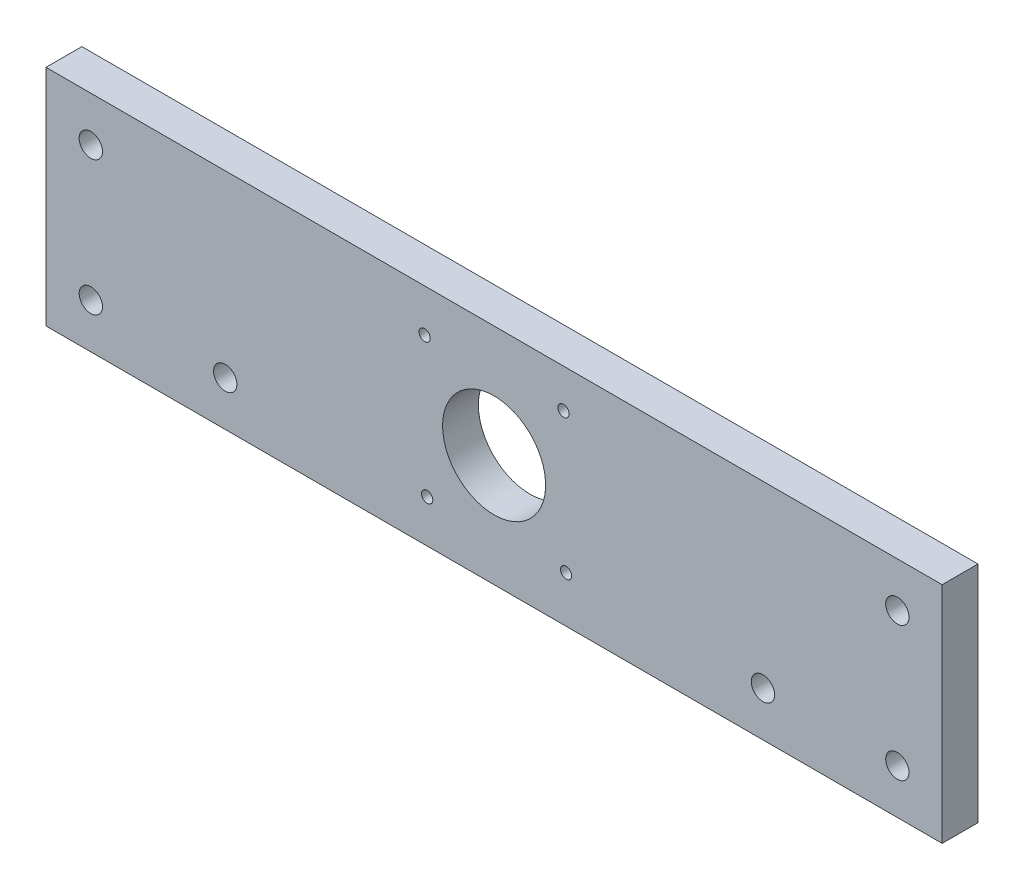
SolidWorks part; units mm, degrees
ref_plane "Ön Düzlem" through (0, 0, 0) normal (0, 0, 1) x (1, 0, 0)
ref_plane "Üst Düzlem" through (0, 0, 0) normal (0, 1, 0) x (1, 0, 0)
ref_plane "Sağ Düzlem" through (0, 0, 0) normal (1, 0, 0) x (0, 0, -1)
sketch "Çizim1" plane through (0, 0, 0) normal (0, 0, 1) x (1, 0, 0)
  line L1 (-88.1446, 49.1848) -> (111.8554, 49.1848)
  line L2 (-88.1446, 49.1848) -> (-88.1446, -0.8152)
  line L3 (-88.1446, -0.8152) -> (111.8554, -0.8152)
  line L4 (111.8554, 49.1848) -> (111.8554, -0.8152)
  circle A3 centre (-78.1446, 39.1848) radius 4.0251
  circle A4 centre (101.8554, 39.1848) radius 4.0251
  circle A5 centre (101.8554, 9.1848) radius 4.0251
  circle A6 centre (-78.1446, 9.1848) radius 4.0251
  dimension "D3" = 10
  dimension "D4" = 10
  dimension "D5" = 2
  dimension "D6" = 2
  dimension "D1" = 200
  dimension "D2" = 50
extrude "Yükseklik-Ekstrüzyon1" add sketch "Çizim1" along normal blind 8 contours L2 L1 L4 L3
hole_wizard "M5 Helisarmal için Zıvana matkabı1" positions "Çizim3" profile "Çizim4" hole size "M5x0.8" standard "ANSI Metric" end condition up to next
sketch "Çizim3" plane through (0, 0, 0) normal (0, 0, -1) x (-1, 0, 0)
  point P0 (-101.8554, 39.1848)
  point P3 (-101.8554, 9.1848)
  point P6 (78.1446, 9.1848)
  point P9 (78.1446, 39.1848)
sketch "Çizim4" plane through (101.8554, 39.1848, 0) normal (1, 0, 0) x (0, 1, 0)
  line L0 (0, 0) -> (0, 8)
  line L1 (0, 8) -> (2.6, 8)
  line L2 (2.6, 8) -> (2.6, 0)
  line L5 (2.6, 0) -> (0, 0)
  line L11 (0, -6.35) -> (0, 107.95) construction
  dimension "Thru Hole Dia." = 5.2
  dimension "Thru Hole Depth" = 8
sketch "Çizim5" plane through (0, 0, 0) normal (0, 0, -1) x (-1, 0, 0)
  circle A1 centre (3.6446, 39.6848) radius 1.25
  circle A2 centre (3.0759, 8.6848) radius 1.25
  circle A3 centre (-27.9241, 9.5445) radius 1.25
  circle A4 centre (-27.3554, 40.5445) radius 1.25
  circle A5 centre (-11.8554, 24.1848) radius 11.5
extrude "Kes-Ekstrüzyon1" cut sketch "Çizim5" against normal blind 10 and the other way blind 10
sketch "Çizim6" plane through (0, 0, 0) normal (0, 0, -1) x (-1, 0, 0)
  line L0 (88.1446, -0.8152) -> (-111.8554, -0.8152) construction
  line L1 (-111.8554, 49.1848) -> (-111.8554, -0.8152) construction
  line L2 (88.1446, 49.1848) -> (88.1446, -0.8152) construction
  circle A0 centre (-71.8554, 9.1848) radius 3.103
  circle A1 centre (48.1446, 9.1848) radius 2.2755
  dimension "D1" = 10
  dimension "D2" = 40
  dimension "D3" = 10
  dimension "D4" = 40
hole_wizard "M5 Helisarmal için Zıvana matkabı2" positions "3B Çizim2" profile "Çizim7" hole size "M5x0.8" standard "ANSI Metric" end condition up to next
sketch3d "3B Çizim2"
  point P0 (71.8554, 9.1848, 0)
  point P3 (-48.1446, 9.1848, 0)
sketch "Çizim7" plane through (71.8554, 9.1848, 0) normal (1, 0, 0) x (0, 1, 0)
  line L0 (0, 0) -> (0, 8)
  line L1 (0, 8) -> (2.6, 8)
  line L2 (2.6, 8) -> (2.6, 0)
  line L5 (2.6, 0) -> (0, 0)
  line L11 (0, -6.35) -> (0, 107.95) construction
  dimension "Thru Hole Dia." = 5.2
  dimension "Thru Hole Depth" = 8
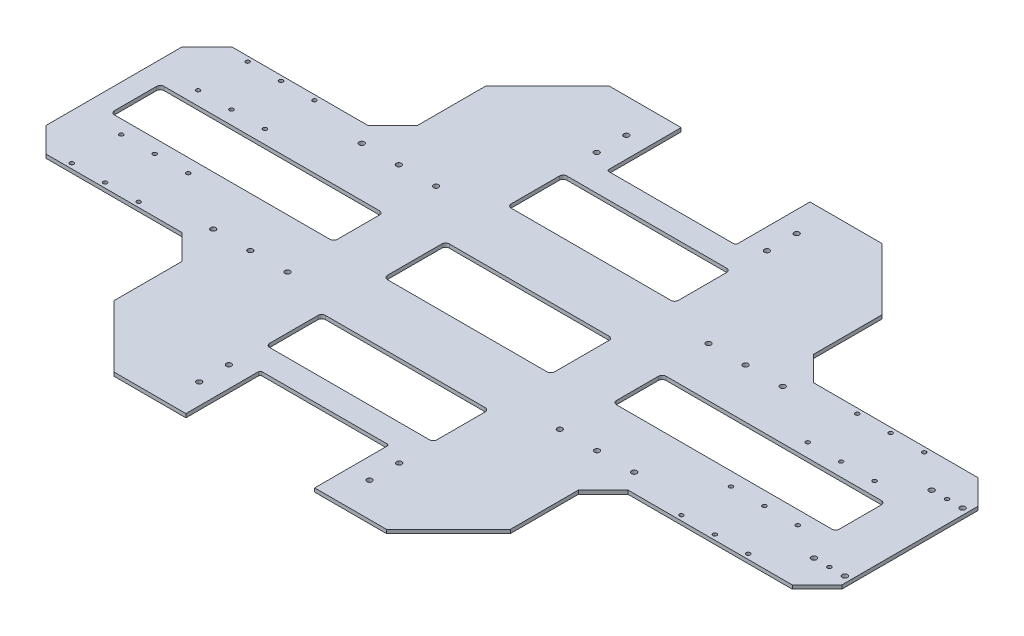
SolidWorks part; units mm, degrees
material "6061-O (SS)"
ref_plane "前视基准面" through (0, 0, 0) normal (0, 0, 1) x (1, 0, 0)
ref_plane "上视基准面" through (0, 0, 0) normal (0, 1, 0) x (1, 0, 0)
ref_plane "右视基准面" through (0, 0, 0) normal (1, 0, 0) x (0, 0, -1)
sketch "草图1" plane through (0, 0, 0) normal (0, 1, 0) x (1, 0, 0)
  line L0 (0, 0) -> (160, -38.7097) construction
  line L1 (-260, 200) -> (260, 200) construction
  line L2 (-260, 200) -> (-260, -200) construction
  line L3 (-260, -200) -> (260, -200) construction
  line L4 (260, 200) -> (260, -200) construction
  line L5 (-260, 200) -> (-160, 123.0769) construction
  line L6 (-260, -200) -> (-160, -123.0769) construction
  line L7 (-310, -75) -> (-160, -75)
  line L8 (-310, -75) -> (-310, 75)
  line L9 (-310, 75) -> (-160, 75)
  line L10 (310, -75) -> (310, 75)
  line L11 (-310, -75) -> (160, 38.7097) construction
  line L12 (-310, 75) -> (-160, 38.7097) construction
  line L13 (-160, -200) -> (160, -200)
  line L14 (-160, -200) -> (-160, -75)
  line L15 (-160, 200) -> (160, 200)
  line L16 (160, -200) -> (160, -75)
  line L17 (-60, -75) -> (0, 0) construction
  line L18 (0, 0) -> (60, -75) construction
  line L19 (-160, 75) -> (-160, 200)
  line L22 (160, 75) -> (310, 75)
  line L24 (97.5, 75) -> (260, 200) construction
  line L25 (160, 75) -> (160, 200)
  line L26 (260, 62.9032) -> (310, 75) construction
  line L27 (260, -62.9032) -> (310, -75) construction
  line L28 (160, -75) -> (310, -75)
  line L29 (160, -123.0769) -> (260, -200) construction
  point P0 (0, 0)
  point P6 (0, 0)
  point P11 (0, 0)
  dimension "D1" = 520
  dimension "D2" = 400
  dimension "D3" = 50
  dimension "D4" = 125
  dimension "D5" = 100
extrude "凸台-拉伸1" add sketch "草图1" along normal blind 3
chamfer "倒角1" distance 20 angle 45 8 edges at (-160, 1.5, -75) (-310, 1.5, -75) (-310, 1.5, 75) (-160, 1.5, 75) (160, 1.5, 75) (160, 1.5, -75) (310, 1.5, 75) (310, 1.5, -75)
chamfer "倒角2" distance 50 angle 45 4 edges at (160, 1.5, 200) (-160, 1.5, 200) (160, 1.5, -200) (-160, 1.5, -200)
sketch "草图2" plane through (0, 0, 0) normal (0, -1, 0) x (-1, 0, 0)
  line L1 (52, -140) -> (-52, -140)
  line L2 (52, -140) -> (52, -233.0888)
  line L3 (52, -233.0888) -> (-52, -233.0888)
  line L4 (-52, -140) -> (-52, -233.0888)
  line L6 (0, 0) -> (119.8246, 0) construction
  line L7 (-52, 140) -> (-52, 233.0888)
  line L8 (52, 233.0888) -> (-52, 233.0888)
  line L9 (52, 140) -> (52, 233.0888)
  line L10 (52, 140) -> (-52, 140)
  line L11 (160, -95) -> (160, -150) construction
  line L12 (-160, -150) -> (-160, -95) construction
  dimension "D1" = 108
  dimension "D2" = 108
extrude "切除-拉伸1" cut sketch "草图2" against normal blind 40
fillet "圆角1" radius 1.5 4 edges at (-52, 1.5, -140) (52, 1.5, -140) (52, 1.5, 140) (-52, 1.5, 140)
sketch "草图3" plane through (0, 0, 0) normal (0, -1, 0) x (1, 0, 0)
  circle A0 centre (-68.75, 172.5) radius 2.1
  circle A1 centre (-68.75, 148.5) radius 2.1
  circle A2 centre (68.75, 172.5) radius 2.1
  circle A3 centre (68.75, 148.5) radius 2.1
  circle A4 centre (-68.75, -148.5) radius 2.1
  circle A5 centre (-68.75, -172.5) radius 2.1
  circle A6 centre (68.75, -148.5) radius 2.1
  circle A7 centre (68.75, -172.5) radius 2.1
extrude "切除-拉伸2" cut sketch "草图3" against normal blind 80
sketch "草图4" plane through (0, 0, 0) normal (0, -1, 0) x (1, 0, 0)
  line L0 (0, 0) -> (124.2092, 0) construction
  line L1 (0, 0) -> (0, 63.2758) construction
  circle A0 centre (273.2002, 71) radius 1.6
  circle A1 centre (273.2002, 30.9984) radius 1.6
  circle A2 centre (246.2002, 71) radius 1.6
  circle A3 centre (219.2002, 71) radius 1.6
  circle A4 centre (246.2002, 30.9984) radius 1.6
  circle A5 centre (219.2002, 30.9984) radius 1.6
  circle A6 centre (110, 60) radius 2.1
  circle A7 centre (140, 60) radius 2.1
  circle A8 centre (170, 60) radius 2.1
  circle A9 centre (170, -60) radius 2.1
  circle A10 centre (140, -60) radius 2.1
  circle A11 centre (110, -60) radius 2.1
  circle A12 centre (219.2002, -30.9984) radius 1.6
  circle A13 centre (246.2002, -30.9984) radius 1.6
  circle A14 centre (219.2002, -71) radius 1.6
  circle A15 centre (246.2002, -71) radius 1.6
  circle A16 centre (273.2002, -30.9984) radius 1.6
  circle A17 centre (273.2002, -71) radius 1.6
  circle A18 centre (-273.2002, -71) radius 1.6
  circle A19 centre (-273.2002, -30.9984) radius 1.6
  circle A20 centre (-246.2002, -71) radius 1.6
  circle A21 centre (-219.2002, -71) radius 1.6
  circle A22 centre (-246.2002, -30.9984) radius 1.6
  circle A23 centre (-219.2002, -30.9984) radius 1.6
  circle A24 centre (-110, -60) radius 2.1
  circle A25 centre (-140, -60) radius 2.1
  circle A26 centre (-170, -60) radius 2.1
  circle A27 centre (-170, 60) radius 2.1
  circle A28 centre (-140, 60) radius 2.1
  circle A29 centre (-110, 60) radius 2.1
  circle A30 centre (-219.2002, 30.9984) radius 1.6
  circle A31 centre (-246.2002, 30.9984) radius 1.6
  circle A32 centre (-219.2002, 71) radius 1.6
  circle A33 centre (-246.2002, 71) radius 1.6
  circle A34 centre (-273.2002, 30.9984) radius 1.6
  circle A35 centre (-273.2002, 71) radius 1.6
extrude "切除-拉伸3" cut sketch "草图4" against normal blind 29
sketch "草图5" plane through (0, 0, 0) normal (0, -1, 0) x (1, 0, 0)
  line L0 (310, 55) -> (290, 75) construction
  line L1 (310, 55) -> (310, -55) construction
  line L2 (290, -75) -> (310, -55) construction
  line L3 (310, 55) -> (290, 75)
  line L4 (310, 55) -> (310, -55)
  line L5 (290, -75) -> (310, -55)
  line L6 (290, -75) -> (312.7002, -75)
  line L7 (312.7002, -75) -> (332.7002, -55)
  line L9 (332.7002, -55) -> (332.7002, 55)
  line L10 (332.7002, 55) -> (312.7002, 75)
  line L11 (312.7002, 75) -> (290, 75)
extrude "凸台-拉伸2" add sketch "草图5" against normal blind 3
sketch "草图6" plane through (0, 0, 0) normal (0, -1, 0) x (1, 0, 0)
  circle A0 centre (302.7002, 47.5) radius 2.15
  circle A1 centre (327.7002, 47.5) radius 2.15
  circle A2 centre (327.7002, -47.5) radius 2.15
  circle A3 centre (302.7002, -47.5) radius 2.15
  dimension "D1" = 4.3
extrude "切除-拉伸4" cut sketch "草图6" against normal blind 3
sketch "草图7" plane through (0, 0, 0) normal (0, -1, 0) x (1, 0, 0)
  line L0 (180, 75) -> (312.7002, 75) construction
  line L1 (289.7002, -20) -> (115.7002, -20)
  line L2 (292.7002, -17) -> (292.7002, 17)
  line L3 (289.7002, 20) -> (115.7002, 20)
  line L4 (112.7002, -17) -> (112.7002, 17)
  line L5 (64.7002, -25) -> (-64.3251, -25)
  line L6 (67.7002, -22) -> (67.7002, 22)
  line L7 (64.7002, 25) -> (-64.3251, 25)
  line L8 (-67.3251, -22) -> (-67.3251, 22)
  line L9 (64.7002, -120) -> (-64.3251, -120)
  line L10 (67.7002, -117) -> (67.7002, -78)
  line L11 (64.7002, -75) -> (-64.3251, -75)
  line L12 (-67.3251, -117) -> (-67.3251, -78)
  line L13 (312.7002, -75) -> (180, -75) construction
  line L23 (45.4531, 0) -> (0, 0) construction
  line L24 (0, 0) -> (0, 77.4247) construction
  line L25 (-112.7002, -17) -> (-112.7002, 17)
  line L26 (-289.7002, 20) -> (-115.7002, 20)
  line L27 (-292.7002, -17) -> (-292.7002, 17)
  line L28 (-289.7002, -20) -> (-115.7002, -20)
  line L29 (-67.3251, 117) -> (-67.3251, 78)
  line L30 (64.7002, 75) -> (-64.3251, 75)
  line L31 (67.7002, 117) -> (67.7002, 78)
  line L32 (64.7002, 120) -> (-64.3251, 120)
  arc A0 (289.7002, -20) -> (292.7002, -17) centre (289.7002, -17) ccw
  arc A1 (292.7002, 17) -> (289.7002, 20) centre (289.7002, 17) ccw
  arc A2 (115.7002, -20) -> (112.7002, -17) centre (115.7002, -17) cw
  arc A3 (115.7002, 20) -> (112.7002, 17) centre (115.7002, 17) ccw
  arc A4 (64.7002, -120) -> (67.7002, -117) centre (64.7002, -117) ccw
  arc A5 (-64.3251, -120) -> (-67.3251, -117) centre (-64.3251, -117) cw
  arc A6 (-64.3251, -75) -> (-67.3251, -78) centre (-64.3251, -78) ccw
  arc A7 (67.7002, -78) -> (64.7002, -75) centre (64.7002, -78) ccw
  arc A8 (64.7002, -25) -> (67.7002, -22) centre (64.7002, -22) ccw
  arc A9 (67.7002, 22) -> (64.7002, 25) centre (64.7002, 22) ccw
  arc A10 (-64.3251, -25) -> (-67.3251, -22) centre (-64.3251, -22) cw
  arc A11 (-64.3251, 25) -> (-67.3251, 22) centre (-64.3251, 22) ccw
  arc A12 (-115.7002, 20) -> (-112.7002, 17) centre (-115.7002, 17) cw
  arc A13 (-115.7002, -20) -> (-112.7002, -17) centre (-115.7002, -17) ccw
  arc A14 (-292.7002, 17) -> (-289.7002, 20) centre (-289.7002, 17) cw
  arc A15 (-289.7002, -20) -> (-292.7002, -17) centre (-289.7002, -17) cw
  arc A16 (67.7002, 78) -> (64.7002, 75) centre (64.7002, 78) cw
  arc A17 (-64.3251, 75) -> (-67.3251, 78) centre (-64.3251, 78) cw
  arc A18 (-64.3251, 120) -> (-67.3251, 117) centre (-64.3251, 117) ccw
  arc A19 (64.7002, 120) -> (67.7002, 117) centre (64.7002, 117) cw
  point P46 (-67.3251, -120)
  point P49 (-67.3251, -75)
  dimension "D13" = 3
  dimension "D1" = 55
  dimension "D2" = 55
  dimension "D12" = 45
extrude "切除-拉伸5" cut sketch "草图7" against normal blind 15
sketch "草图8" plane through (0, 0, 0) normal (0, -1, 0) x (1, 0, 0)
  circle A17 centre (315.2002, 47.5) radius 1.6
  circle A18 centre (315.2002, -47.5) radius 1.6
extrude "切除-拉伸6" cut sketch "草图8" against normal blind 15

########################################

*ACTIVITY*.
With the line that contains "arc A5 (-64.3251, -120)" as your start, reproduce the data above exactly through its last line, and nothing before that start.

*ANSWER FOR THE TASK*.
  arc A5 (-64.3251, -120) -> (-67.3251, -117) centre (-64.3251, -117) cw
  arc A6 (-64.3251, -75) -> (-67.3251, -78) centre (-64.3251, -78) ccw
  arc A7 (67.7002, -78) -> (64.7002, -75) centre (64.7002, -78) ccw
  arc A8 (64.7002, -25) -> (67.7002, -22) centre (64.7002, -22) ccw
  arc A9 (67.7002, 22) -> (64.7002, 25) centre (64.7002, 22) ccw
  arc A10 (-64.3251, -25) -> (-67.3251, -22) centre (-64.3251, -22) cw
  arc A11 (-64.3251, 25) -> (-67.3251, 22) centre (-64.3251, 22) ccw
  arc A12 (-115.7002, 20) -> (-112.7002, 17) centre (-115.7002, 17) cw
  arc A13 (-115.7002, -20) -> (-112.7002, -17) centre (-115.7002, -17) ccw
  arc A14 (-292.7002, 17) -> (-289.7002, 20) centre (-289.7002, 17) cw
  arc A15 (-289.7002, -20) -> (-292.7002, -17) centre (-289.7002, -17) cw
  arc A16 (67.7002, 78) -> (64.7002, 75) centre (64.7002, 78) cw
  arc A17 (-64.3251, 75) -> (-67.3251, 78) centre (-64.3251, 78) cw
  arc A18 (-64.3251, 120) -> (-67.3251, 117) centre (-64.3251, 117) ccw
  arc A19 (64.7002, 120) -> (67.7002, 117) centre (64.7002, 117) cw
  point P46 (-67.3251, -120)
  point P49 (-67.3251, -75)
  dimension "D13" = 3
  dimension "D1" = 55
  dimension "D2" = 55
  dimension "D12" = 45
extrude "切除-拉伸5" cut sketch "草图7" against normal blind 15
sketch "草图8" plane through (0, 0, 0) normal (0, -1, 0) x (1, 0, 0)
  circle A17 centre (315.2002, 47.5) radius 1.6
  circle A18 centre (315.2002, -47.5) radius 1.6
extrude "切除-拉伸6" cut sketch "草图8" against normal blind 15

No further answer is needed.